Seems like, perhaps you have some concerns or issues with it?

If you are happy, live on, who cares what other people think.


----------



## lucyloo (Dec 3, 2013)

EleGirl said:


> The arrangement you have with your husband about this does not protect you two from infidelity and divorce any more than a promise of monogamy does for others. It's as likely to happen in your marriage as it is in a monogamous marriage.
> 
> 
> 
> ...


You're right!


----------



## lucyloo (Dec 3, 2013)

EleGirl said:


> LOL... nice job skating


This thread isn't about my husband being with other women, so I don't know why people continue to bring it up. As I have said, and will say again, he has zero interest in being with other women. That just happens to be his current preference.

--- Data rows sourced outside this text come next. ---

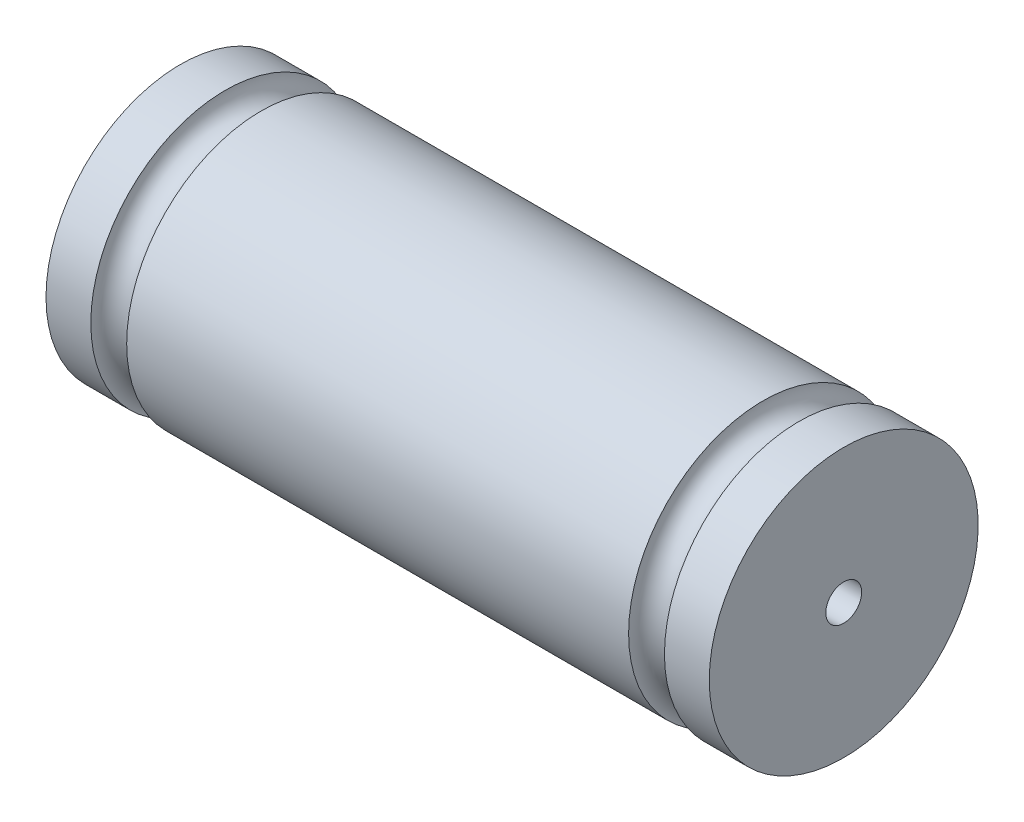
from build123d import *


with BuildPart() as part:
    # 草图1 → 旋转2 (revolve)
    with BuildSketch(Plane.XY, mode=Mode.PRIVATE) as revolve_2_sk:
        with BuildLine():
            Line((-32, 15), (-37, 15))
            Line((-37, 15), (-37, 2))
            Line((-37, 2), (37, 2))
            Line((37, 2), (37, 15))
            Line((37, 15), (32, 15))
            ThreePointArc((32, 15), (30, 13), (28, 15))
            Line((28, 15), (-28, 15))
            ThreePointArc((-28, 15), (-30, 13), (-32, 15))
        make_face()
    revolve(revolve_2_sk.sketch.rotate(Axis((0, 0, 0), (1, 0, 0)), 90), axis=Axis((0, 0, 0), (1, 0, 0)))


solid = part.part
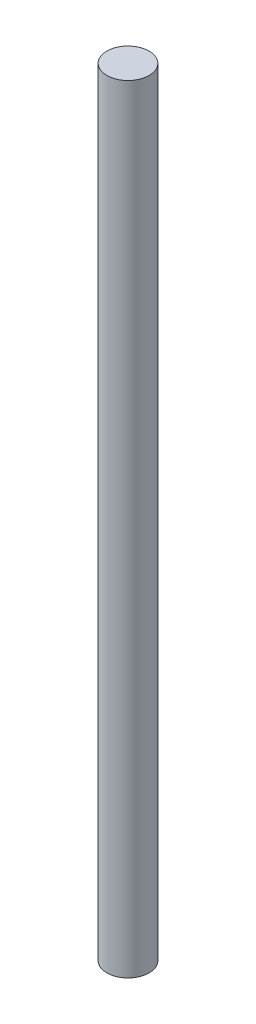
from build123d import *

# Parameters (mm, degrees)
SKETCH1_R           = 4
BOSS_EXTRUDE1_DEPTH = 147.09


with BuildPart() as part:
    # Sketch1 → Boss-Extrude1 (new body)
    with BuildSketch(Plane(origin=(0, 0, 0), x_dir=(1, 0, 0), z_dir=(0, 1, 0))):
        with Locations(Location((-5.326822835, 0, 0), (0, 0, 270))):
            Circle(SKETCH1_R)
    extrude(amount=BOSS_EXTRUDE1_DEPTH)


solid = part.part

This was not the case in the past, and as I alluded, we shared some experiences together.


----------



## lucyloo (Dec 3, 2013)

ET1SSJonota said:


> Very interesting perspective you have. You get the benefit of monogamy in that your husband is monogamous with you, and then you get the benefit of the open marriage that you get to live in having multiple sexual partners. I would hardly think you can't see the positives of monogamy.
> 
> How about my example. My previous marriage was to a "bi-curious" woman who eventually torpedoed the marriage in order to attend to the curiosities. She is now a practicing lesbian, who states these days that she was always gay and just "pretending". Should I have simply celebrated her "sexuality". Incidentally, she also slept with several other people, unbeknownst to me. I should be thankful, I suppose, that she turned down long term emotional relationships with those she slept with in favor of the stability of the marriage with me.
> 
> There is no need to defend your relationship here or elsewhere. What works for you two, works. But to insinuate that to question the relationship from an outside perspective is tantamount to insult, AND THEN to continue on to denigrate monogamy... well now that's a whole 'nother ball of wax. If you want others to keep their opinions to themselves, perhaps you should practice what you preach. Or let others prattle on about their ways and their superiority, and don't let the guilt of society not accepting your standards bother you.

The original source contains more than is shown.